Emily didn’t know if she was going to sleep at all, and if she did, what dreams would come.

She followed her husband through customs, out to the arrivals hall.

Robbie tucked his flask back in his pocket and popped a Wint O Green Life Saver. If his breath smelled of Jim Beam he wouldn’t have five minutes of peace before they got home and he could escape to his shed. And he didn’t want to have to escape; he wanted to play Hot Wheels with William and tuck him into bed. While William and Marie had been gone he’d set up the kid’s bedroom with an elaborate track for the cars to go on, hills and curves and loops.

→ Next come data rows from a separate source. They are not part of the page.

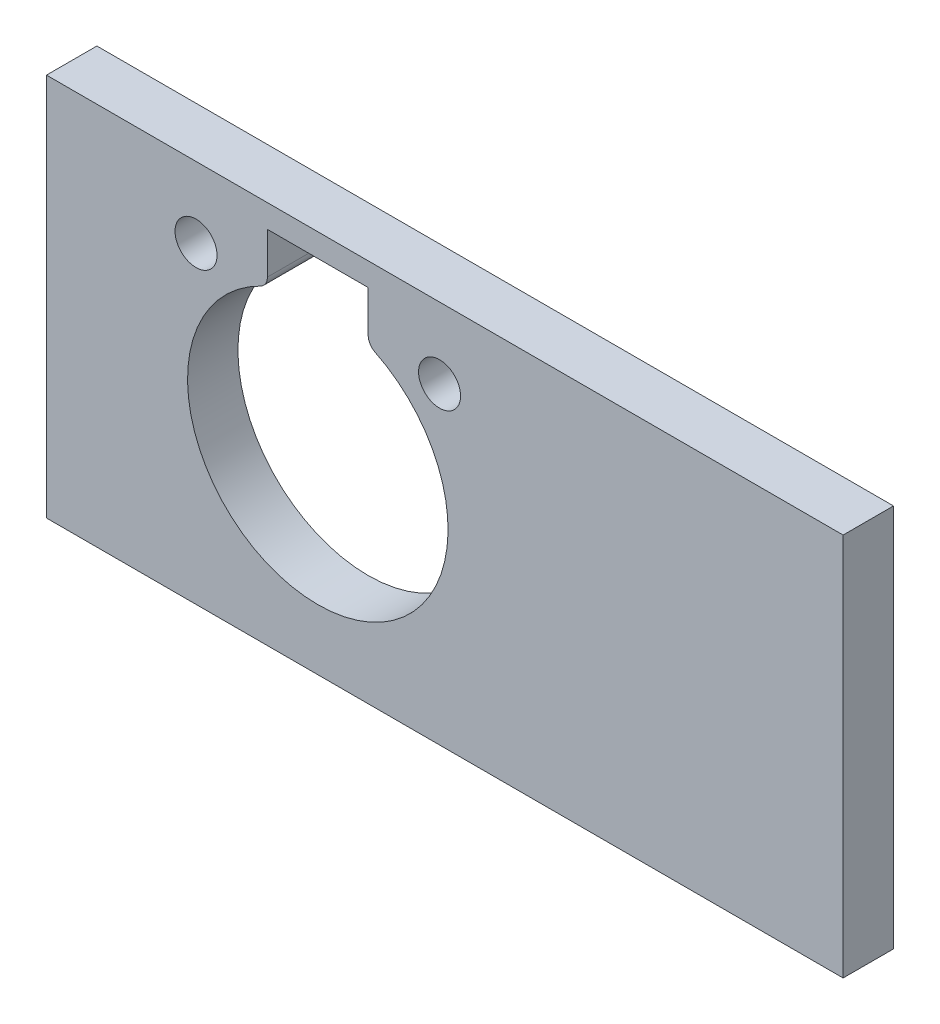
SolidWorks part; units mm, degrees
material "Acrylic (Medium-high impact)"
ref_plane "Front Plane" through (0, 0, 0) normal (0, 0, 1) x (1, 0, 0)
ref_plane "Top Plane" through (0, 0, 0) normal (0, 1, 0) x (1, 0, 0)
ref_plane "Right Plane" through (0, 0, 0) normal (1, 0, 0) x (0, 0, -1)
sketch "Sketch1" plane through (0, 0, 0) normal (0, 0, 1) x (1, 0, 0)
  line L1 (24.6048, 16.0473) -> (-22.8242, 16.0473)
  line L2 (24.6048, 16.0473) -> (24.6048, -6.7927)
  line L3 (24.6048, -6.7927) -> (-22.8242, -6.7927)
  line L4 (-22.8242, 16.0473) -> (-22.8242, -6.7927)
  dimension "D2" = 22.84
extrude "Boss-Extrude1" add sketch "Sketch1" along normal blind 3
sketch "Sketch2" plane through (0, 0, 0) normal (0, 0, -1) x (-1, 0, 0)
  line L9 (3.6718, 14.6698) -> (9.6708, 14.6698)
  line L11 (3.6718, 14.6698) -> (3.6718, 12.2087)
  line L12 (9.6708, 12.2087) -> (9.6708, 14.6698)
  line L13 (3.6718, 14.6698) -> (3.6718, 12.2087)
  line L14 (9.6708, 12.2087) -> (9.6708, 14.6698)
  circle A26 centre (-0.5787, 11.8248) radius 1.25
  circle A27 centre (13.9213, 11.8248) radius 1.25
  arc A29 (9.6708, 12.2087) -> (10.0901, 11.5355) centre (10.4208, 12.2087) ccw
  arc A30 (3.2524, 11.5355) -> (3.6718, 12.2087) centre (2.9218, 12.2087) ccw
  arc A31 (3.2524, 11.5355) -> (10.0901, 11.5355) centre (6.6713, 4.5748) ccw
  arc A32 (9.6708, 12.2087) -> (10.0901, 11.5355) centre (10.4208, 12.2087) ccw
  arc A33 (3.2524, 11.5355) -> (3.6718, 12.2087) centre (2.9218, 12.2087) ccw
  arc A34 (3.2524, 11.5355) -> (10.0901, 11.5355) centre (6.6713, 4.5748) ccw
  dimension "D1" = 0.25
extrude "Cut-Extrude1" cut sketch "Sketch2" against normal up to surface (3 mm away) up to face at (0.8903, 4.6273, 3)

Marie was going to go crazy, of course. She’d been gone a week and Bob had made another mess she would have to clean up. But he couldn’t resist making the track bigger and bigger until it reached from the bed to the door and covered nearly the entire room in an orange plastic tangle. And William wouldn’t see it as a mess. He’d see it as heaven: something that his daddy had magically created for him.

Robbie couldn’t wait to see his face. The two of them would spend a long, happy time zooming the cars around, racing, adjusting the track so the cars could go faster. Two peas in a pod, Marie would say, in a disapproving tone, and Robbie would try not to think about the times that his own mother had said exactly the same thing about him and his father.

He pulled out the flask and unscrewed it before he remembered his resolution not to smell of bourbon, and put it back into his pocket. He lit a cigarette instead.

Their plane should have arrived already, but the lady at the counter had said it had been delayed in Chicago by bad weather. So he stood at the arrivals gate with the crowd of people waiting, and watched the people coming through the doors. All the little dramas going on around him, with people flying from all over the world and arriving home. A family came through, mother and father and a toddler and a baby, and the elderly Latino couple standing next to him cried out in joy. The toddler wobbled over to them to be scooped up and fussed over. A slender young man with an Afro emerged, looking anxious, until he spotted a tall young woman in the crowd and the two of them ran to each other and hugged so hard they looked as if they were going to meld together. A grey-haired woman in a flowing caftan wafted through the door and the expression on her face when she scanned the crowd was almost angry. It set into grim resolution as she approached another grey-haired woman, in a pants suit, and the two of them leaned forward to kiss each other on the cheek with the minimal possible contact.